## Description of the task
Print this span of the material below exactly: the line with "me_cube_008.use_remesh_preserve_volume = False", the line with "me_cube_006 = bpy.data.meshes.new('Cube.006')", and every line between them, but nothing else.

## Record extracts
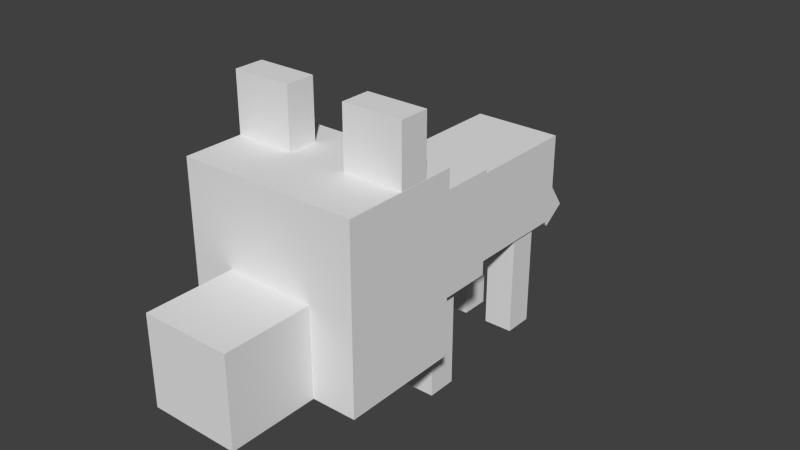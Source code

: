 # Source: wolfbaby.blend  (saved by Blender 2.76.0; exported with 4.5.12 LTS)
import bpy
from mathutils import Matrix  # noqa: F401  (used for matrix-valued properties, if any)

bpy.ops.wm.read_factory_settings(use_empty=True)
scene = bpy.context.scene
scene.name = 'Scene'

# ---- collections
col_collection_1 = bpy.data.collections.new('Collection 1'); scene.collection.children.link(col_collection_1)

# ---- world
world_world = bpy.data.worlds.new('World'); scene.world = world_world
world_world.color = (0.05088, 0.05088, 0.05088)
world_world.use_sun_shadow = False
world_world.sun_shadow_jitter_overblur = 0.0
world_world.cycles.sampling_method = 'MANUAL'
world_world.cycles.sample_map_resolution = 256

# ---- meshes
me_cube_010 = bpy.data.meshes.new('Cube.010')
me_cube_010.from_pydata([(-1.0, -1.0, -1.0), (-1.0, -1.0, 1.0), (-1.0, 1.0, -1.0), (-1.0, 1.0, 1.0), (1.0, -1.0, -1.0), (1.0, -1.0, 1.0), (1.0, 1.0, -1.0), (1.0, 1.0, 1.0)], [], [(0, 1, 3, 2), (2, 3, 7, 6), (6, 7, 5, 4), (4, 5, 1, 0), (2, 6, 4, 0), (7, 3, 1, 5)])
_uv = me_cube_010.uv_layers.new(name='UVMap')
_uv.uv.foreach_set('vector', [0.03125, 0.125, 0.03125, 0.375, 0.0, 0.375, 0.0, 0.125, 0.125, 0.125, 0.125, 0.375, 0.09375, 0.375, 0.09375, 0.125, 0.09375, 0.125, 0.09375, 0.375, 0.0625, 0.375, 0.0625, 0.125, 0.0625, 0.125, 0.0625, 0.375, 0.03125, 0.375, 0.03125, 0.125, 0.09375, 0.4375, 0.0625, 0.4375, 0.0625, 0.375, 0.09375, 0.375, 0.0625, 0.375, 0.03125, 0.375, 0.03125, 0.3125, 0.0625, 0.3125])
me_cube_010.use_remesh_preserve_volume = False
me_cube_010.use_remesh_preserve_attributes = False
me_cube_010.use_mirror_vertex_groups = False
me_cube_010.update()
me_cube_009 = bpy.data.meshes.new('Cube.009')
me_cube_009.from_pydata([(-1.0, -1.0, -1.0), (-1.0, -1.0, 1.0), (-1.0, 1.0, -1.0), (-1.0, 1.0, 1.0), (1.0, -1.0, -1.0), (1.0, -1.0, 1.0), (1.0, 1.0, -1.0), (1.0, 1.0, 1.0)], [], [(0, 1, 3, 2), (2, 3, 7, 6), (6, 7, 5, 4), (4, 5, 1, 0), (2, 6, 4, 0), (7, 3, 1, 5)])
_uv = me_cube_009.uv_layers.new(name='UVMap')
_uv.uv.foreach_set('vector', [0.03125, 0.125, 0.03125, 0.375, 0.0, 0.375, 0.0, 0.125, 0.125, 0.125, 0.125, 0.375, 0.09375, 0.375, 0.09375, 0.125, 0.09375, 0.125, 0.09375, 0.375, 0.0625, 0.375, 0.0625, 0.125, 0.0625, 0.125, 0.0625, 0.375, 0.03125, 0.375, 0.03125, 0.125, 0.09375, 0.4375, 0.0625, 0.4375, 0.0625, 0.375, 0.09375, 0.375, 0.0625, 0.375, 0.03125, 0.375, 0.03125, 0.3125, 0.0625, 0.3125])
me_cube_009.use_remesh_preserve_volume = False
me_cube_009.use_remesh_preserve_attributes = False
me_cube_009.use_mirror_vertex_groups = False
me_cube_009.update()
me_cube_008 = bpy.data.meshes.new('Cube.008')
me_cube_008.from_pydata([(-1.0, -1.0, -1.0), (-1.0, -1.0, 1.0), (-1.0, 1.0, -1.0), (-1.0, 1.0, 1.0), (1.0, -1.0, -1.0), (1.0, -1.0, 1.0), (1.0, 1.0, -1.0), (1.0, 1.0, 1.0)], [], [(0, 1, 3, 2), (2, 3, 7, 6), (6, 7, 5, 4), (4, 5, 1, 0), (2, 6, 4, 0), (7, 3, 1, 5)])
_uv = me_cube_008.uv_layers.new(name='UVMap')
_uv.uv.foreach_set('vector', [0.03125, 0.125, 0.03125, 0.375, 0.0, 0.375, 0.0, 0.125, 0.125, 0.125, 0.125, 0.375, 0.09375, 0.375, 0.09375, 0.125, 0.09375, 0.125, 0.09375, 0.375, 0.0625, 0.375, 0.0625, 0.125, 0.0625, 0.125, 0.0625, 0.375, 0.03125, 0.375, 0.03125, 0.125, 0.09375, 0.4375, 0.0625, 0.4375, 0.0625, 0.375, 0.09375, 0.375, 0.0625, 0.375, 0.03125, 0.375, 0.03125, 0.3125, 0.0625, 0.3125])
me_cube_008.use_remesh_preserve_volume = False
me_cube_008.use_remesh_preserve_attributes = False
me_cube_008.use_mirror_vertex_groups = False
me_cube_008.update()
me_cube_007 = bpy.data.meshes.new('Cube.007')
me_cube_007.from_pydata([(-1.0, -1.0, -1.0), (-1.0, -1.0, 1.0), (-1.0, 1.0, -1.0), (-1.0, 1.0, 1.0), (1.0, -1.0, -1.0), (1.0, -1.0, 1.0), (1.0, 1.0, -1.0), (1.0, 1.0, 1.0)], [], [(0, 1, 3, 2), (2, 3, 7, 6), (6, 7, 5, 4), (4, 5, 1, 0), (2, 6, 4, 0), (7, 3, 1, 5)])
_uv = me_cube_007.uv_layers.new(name='UVMap')
_uv.uv.foreach_set('vector', [0.2656, 0.4688, 0.2656, 0.5312, 0.25, 0.5312, 0.25, 0.4688, 0.3438, 0.4688, 0.3438, 0.5312, 0.3125, 0.5312, 0.3125, 0.4688, 0.3125, 0.4688, 0.3125, 0.5312, 0.2969, 0.5312, 0.2969, 0.4688, 0.2969, 0.4688, 0.2969, 0.5312, 0.2656, 0.5312, 0.2656, 0.4688, 0.3281, 0.5625, 0.2969, 0.5625, 0.2969, 0.5312, 0.3281, 0.5312, 0.2969, 0.5625, 0.2656, 0.5625, 0.2656, 0.5312, 0.2969, 0.5312])
me_cube_007.use_remesh_preserve_volume = False
me_cube_007.use_remesh_preserve_attributes = False
me_cube_007.use_mirror_vertex_groups = False
me_cube_007.update()
me_cube_006 = bpy.data.meshes.new('Cube.006')
me_cube_006.from_pydata([(-1.0, -1.0, -1.0), (-1.0, -1.0, 1.0), (-1.0, 1.0, -1.0), (-1.0, 1.0, 1.0), (1.0, -1.0, -1.0), (1.0, -1.0, 1.0), (1.0, 1.0, -1.0), (1.0, 1.0, 1.0)], [], [(0, 1, 3, 2), (2, 3, 7, 6), (6, 7, 5, 4), (4, 5, 1, 0), (2, 6, 4, 0), (7, 3, 1, 5)])
_uv = me_cube_006.uv_layers.new(name='UVMap')
_uv.uv.foreach_set('vector', [0.375, 0.09375, 0.375, 0.375, 0.2812, 0.375, 0.2812, 0.09375, 0.6562, 0.09375, 0.6562, 0.375, 0.5625, 0.375, 0.5625, 0.09375, 0.5625, 0.09375, 0.5625, 0.375, 0.4688, 0.375, 0.4688, 0.09375, 0.4688, 0.09375, 0.4688, 0.375, 0.375, 0.375, 0.375, 0.09375, 0.5625, 0.5625, 0.4688, 0.5625, 0.4688, 0.375, 0.5625, 0.375, 0.4688, 0.5625, 0.375, 0.5625, 0.375, 0.375, 0.4688, 0.375])
me_cube_006.use_remesh_preserve_volume = False
me_cube_006.use_remesh_preserve_attributes = False
me_cube_006.use_mirror_vertex_groups = False
me_cube_006.update()
me_cube_005 = bpy.data.meshes.new('Cube.005')
me_cube_005.from_pydata([(-1.0, -1.0, -1.0), (-1.0, -1.0, 1.0), (-1.0, 1.0, -1.0), (-1.0, 1.0, 1.0), (1.0, -1.0, -1.0), (1.0, -1.0, 1.0), (1.0, 1.0, -1.0), (1.0, 1.0, 1.0)], [], [(0, 1, 3, 2), (2, 3, 7, 6), (6, 7, 5, 4), (4, 5, 1, 0), (2, 6, 4, 0), (7, 3, 1, 5)])
_uv = me_cube_005.uv_layers.new(name='UVMap')
_uv.uv.foreach_set('vector', [0.1719, 0.125, 0.1719, 0.375, 0.1406, 0.375, 0.1406, 0.125, 0.2656, 0.125, 0.2656, 0.375, 0.2344, 0.375, 0.2344, 0.125, 0.2344, 0.125, 0.2344, 0.375, 0.2031, 0.375, 0.2031, 0.125, 0.2031, 0.125, 0.2031, 0.375, 0.1719, 0.375, 0.1719, 0.125, 0.2344, 0.4375, 0.2031, 0.4375, 0.2031, 0.375, 0.2344, 0.375, 0.2031, 0.4375, 0.1719, 0.4375, 0.1719, 0.375, 0.2031, 0.375])
me_cube_005.use_remesh_preserve_volume = False
me_cube_005.use_remesh_preserve_attributes = False
me_cube_005.use_mirror_vertex_groups = False
me_cube_005.update()
me_cube_004 = bpy.data.meshes.new('Cube.004')
me_cube_004.from_pydata([(-1.0, -1.0, -1.0), (-1.0, -1.0, 1.0), (-1.0, 1.0, -1.0), (-1.0, 1.0, 1.0), (1.0, -1.0, -1.0), (1.0, -1.0, 1.0), (1.0, 1.0, -1.0), (1.0, 1.0, 1.0)], [], [(0, 1, 3, 2), (2, 3, 7, 6), (6, 7, 5, 4), (4, 5, 1, 0), (2, 6, 4, 0), (7, 3, 1, 5)])
_uv = me_cube_004.uv_layers.new(name='UVMap')
_uv.uv.foreach_set('vector', [0.03125, 0.125, 0.03125, 0.375, 0.0, 0.375, 0.0, 0.125, 0.125, 0.125, 0.125, 0.375, 0.09375, 0.375, 0.09375, 0.125, 0.09375, 0.125, 0.09375, 0.375, 0.0625, 0.375, 0.0625, 0.125, 0.0625, 0.125, 0.0625, 0.375, 0.03125, 0.375, 0.03125, 0.125, 0.09375, 0.4375, 0.0625, 0.4375, 0.0625, 0.375, 0.09375, 0.375, 0.0625, 0.375, 0.03125, 0.375, 0.03125, 0.3125, 0.0625, 0.3125])
me_cube_004.use_remesh_preserve_volume = False
me_cube_004.use_remesh_preserve_attributes = False
me_cube_004.use_mirror_vertex_groups = False
me_cube_004.update()
me_cube_003 = bpy.data.meshes.new('Cube.003')
me_cube_003.from_pydata([(-1.0, -1.0, -1.0), (-1.0, -1.0, 1.0), (-1.0, 1.0, -1.0), (-1.0, 1.0, 1.0), (1.0, -1.0, -1.0), (1.0, -1.0, 1.0), (1.0, 1.0, -1.0), (1.0, 1.0, 1.0)], [], [(0, 1, 3, 2), (2, 3, 7, 6), (6, 7, 5, 4), (4, 5, 1, 0), (2, 6, 4, 0), (7, 3, 1, 5)])
_uv = me_cube_003.uv_layers.new(name='UVMap')
_uv.uv.foreach_set('vector', [0.2656, 0.4688, 0.2656, 0.5312, 0.25, 0.5312, 0.25, 0.4688, 0.3438, 0.4688, 0.3438, 0.5312, 0.3125, 0.5312, 0.3125, 0.4688, 0.3125, 0.4688, 0.3125, 0.5312, 0.2969, 0.5312, 0.2969, 0.4688, 0.2969, 0.4688, 0.2969, 0.5312, 0.2656, 0.5312, 0.2656, 0.4688, 0.3281, 0.5625, 0.2969, 0.5625, 0.2969, 0.5312, 0.3281, 0.5312, 0.2969, 0.5625, 0.2656, 0.5625, 0.2656, 0.5312, 0.2969, 0.5312])
me_cube_003.use_remesh_preserve_volume = False
me_cube_003.use_remesh_preserve_attributes = False
me_cube_003.use_mirror_vertex_groups = False
me_cube_003.update()
me_cube_002 = bpy.data.meshes.new('Cube.002')
me_cube_002.from_pydata([(-1.0, -1.0, -1.0), (-1.0, -1.0, 1.0), (-1.0, 1.0, -1.0), (-1.0, 1.0, 1.0), (1.0, -1.0, -1.0), (1.0, -1.0, 1.0), (1.0, 1.0, -1.0), (1.0, 1.0, 1.0)], [], [(0, 1, 3, 2), (2, 3, 7, 6), (6, 7, 5, 4), (4, 5, 1, 0), (2, 6, 4, 0), (7, 3, 1, 5)])
_uv = me_cube_002.uv_layers.new(name='UVMap')
_uv.uv.foreach_set('vector', [0.0625, 0.4688, 0.0625, 0.5625, 0.0, 0.5625, 0.0, 0.4688, 0.2188, 0.4688, 0.2188, 0.5625, 0.1719, 0.5625, 0.1719, 0.4688, 0.1719, 0.4688, 0.1719, 0.5625, 0.1094, 0.5625, 0.1094, 0.4688, 0.1094, 0.4688, 0.1094, 0.5625, 0.0625, 0.5625, 0.0625, 0.4688, 0.1562, 0.6875, 0.1094, 0.6875, 0.1094, 0.5625, 0.1562, 0.5625, 0.1094, 0.6875, 0.0625, 0.6875, 0.0625, 0.5625, 0.1094, 0.5625])
me_cube_002.use_remesh_preserve_volume = False
me_cube_002.use_remesh_preserve_attributes = False
me_cube_002.use_mirror_vertex_groups = False
me_cube_002.update()
me_cube_001 = bpy.data.meshes.new('Cube.001')
me_cube_001.from_pydata([(-1.0, -1.0, -1.0), (-1.0, -1.0, 1.0), (-1.0, 1.0, -1.0), (-1.0, 1.0, 1.0), (1.0, -1.0, -1.0), (1.0, -1.0, 1.0), (1.0, 1.0, -1.0), (1.0, 1.0, 1.0)], [], [(0, 1, 3, 2), (2, 3, 7, 6), (6, 7, 5, 4), (4, 5, 1, 0), (2, 6, 4, 0), (7, 3, 1, 5)])
_uv = me_cube_001.uv_layers.new(name='UVMap')
_uv.uv.foreach_set('vector', [0.4375, 0.5938, 0.4375, 0.7812, 0.3281, 0.7812, 0.3281, 0.5938, 0.7969, 0.5938, 0.7969, 0.7812, 0.6719, 0.7812, 0.6719, 0.5938, 0.6719, 0.5938, 0.6719, 0.7812, 0.5625, 0.7812, 0.5625, 0.5938, 0.5625, 0.5938, 0.5625, 0.7812, 0.4375, 0.7812, 0.4375, 0.5938, 0.6875, 1.0, 0.5625, 1.0, 0.5625, 0.7812, 0.6875, 0.7812, 0.5625, 1.0, 0.4375, 1.0, 0.4375, 0.7812, 0.5625, 0.7812])
me_cube_001.use_remesh_preserve_volume = False
me_cube_001.use_remesh_preserve_attributes = False
me_cube_001.use_mirror_vertex_groups = False
me_cube_001.update()
me_cube = bpy.data.meshes.new('Cube')
me_cube.from_pydata([(-1.0, -1.0, -1.0), (-1.0, -1.0, 1.0), (-1.0, 1.0, -1.0), (-1.0, 1.0, 1.0), (1.0, -1.0, -1.0), (1.0, -1.0, 1.0), (1.0, 1.0, -1.0), (1.0, 1.0, 1.0)], [], [(0, 1, 3, 2), (2, 3, 7, 6), (6, 7, 5, 4), (4, 5, 1, 0), (2, 6, 4, 0), (7, 3, 1, 5)])
_uv = me_cube.uv_layers.new(name='UVMap')
_uv.uv.foreach_set('vector', [0.0625, 0.6875, 0.0625, 0.875, 0.0, 0.875, 0.0, 0.6875, 0.3125, 0.6875, 0.3125, 0.875, 0.2188, 0.875, 0.2188, 0.6875, 0.2188, 0.6875, 0.2188, 0.875, 0.1562, 0.875, 0.1562, 0.6875, 0.1562, 0.6875, 0.1562, 0.875, 0.0625, 0.875, 0.0625, 0.6875, 0.25, 1.0, 0.1562, 1.0, 0.1562, 0.875, 0.25, 0.875, 0.1562, 1.0, 0.0625, 1.0, 0.0625, 0.875, 0.1562, 0.875])
me_cube.use_remesh_preserve_volume = False
me_cube.use_remesh_preserve_attributes = False
me_cube.use_mirror_vertex_groups = False
me_cube.update()
arm_armature = bpy.data.armatures.new('Armature')  # bones are not reproduced

# ---- objects
ob_armature = bpy.data.objects.new('Armature', arm_armature)
ob_leg_front_right = bpy.data.objects.new('leg.front.right', me_cube_010)
ob_leg_front_left = bpy.data.objects.new('leg.front.left', me_cube_009)
ob_leg_back_left = bpy.data.objects.new('leg.back.left', me_cube_008)
ob_ear_right = bpy.data.objects.new('ear.right', me_cube_007)
ob_body_back = bpy.data.objects.new('body.back', me_cube_006)
ob_tail = bpy.data.objects.new('tail', me_cube_005)
ob_leg_back_right = bpy.data.objects.new('leg.back.right', me_cube_004)
ob_ear_left = bpy.data.objects.new('ear.left', me_cube_003)
ob_mouth = bpy.data.objects.new('mouth', me_cube_002)
ob_body_front = bpy.data.objects.new('body.front', me_cube_001)
ob_head = bpy.data.objects.new('head', me_cube)

# ---- transforms, parenting, visibility, modifiers, constraints
ob_armature.location = (4.825e-16, 1.875, 2.173)
ob_armature.rotation_euler = (1.571, 2.22e-16, 2.22e-16)
ob_armature.show_in_front = True
ob_armature.lineart.crease_threshold = 0.0
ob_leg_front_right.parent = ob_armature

## Answer space
me_cube_008.use_remesh_preserve_volume = False
me_cube_008.use_remesh_preserve_attributes = False
me_cube_008.use_mirror_vertex_groups = False
me_cube_008.update()
me_cube_007 = bpy.data.meshes.new('Cube.007')
me_cube_007.from_pydata([(-1.0, -1.0, -1.0), (-1.0, -1.0, 1.0), (-1.0, 1.0, -1.0), (-1.0, 1.0, 1.0), (1.0, -1.0, -1.0), (1.0, -1.0, 1.0), (1.0, 1.0, -1.0), (1.0, 1.0, 1.0)], [], [(0, 1, 3, 2), (2, 3, 7, 6), (6, 7, 5, 4), (4, 5, 1, 0), (2, 6, 4, 0), (7, 3, 1, 5)])
_uv = me_cube_007.uv_layers.new(name='UVMap')
_uv.uv.foreach_set('vector', [0.2656, 0.4688, 0.2656, 0.5312, 0.25, 0.5312, 0.25, 0.4688, 0.3438, 0.4688, 0.3438, 0.5312, 0.3125, 0.5312, 0.3125, 0.4688, 0.3125, 0.4688, 0.3125, 0.5312, 0.2969, 0.5312, 0.2969, 0.4688, 0.2969, 0.4688, 0.2969, 0.5312, 0.2656, 0.5312, 0.2656, 0.4688, 0.3281, 0.5625, 0.2969, 0.5625, 0.2969, 0.5312, 0.3281, 0.5312, 0.2969, 0.5625, 0.2656, 0.5625, 0.2656, 0.5312, 0.2969, 0.5312])
me_cube_007.use_remesh_preserve_volume = False
me_cube_007.use_remesh_preserve_attributes = False
me_cube_007.use_mirror_vertex_groups = False
me_cube_007.update()
me_cube_006 = bpy.data.meshes.new('Cube.006')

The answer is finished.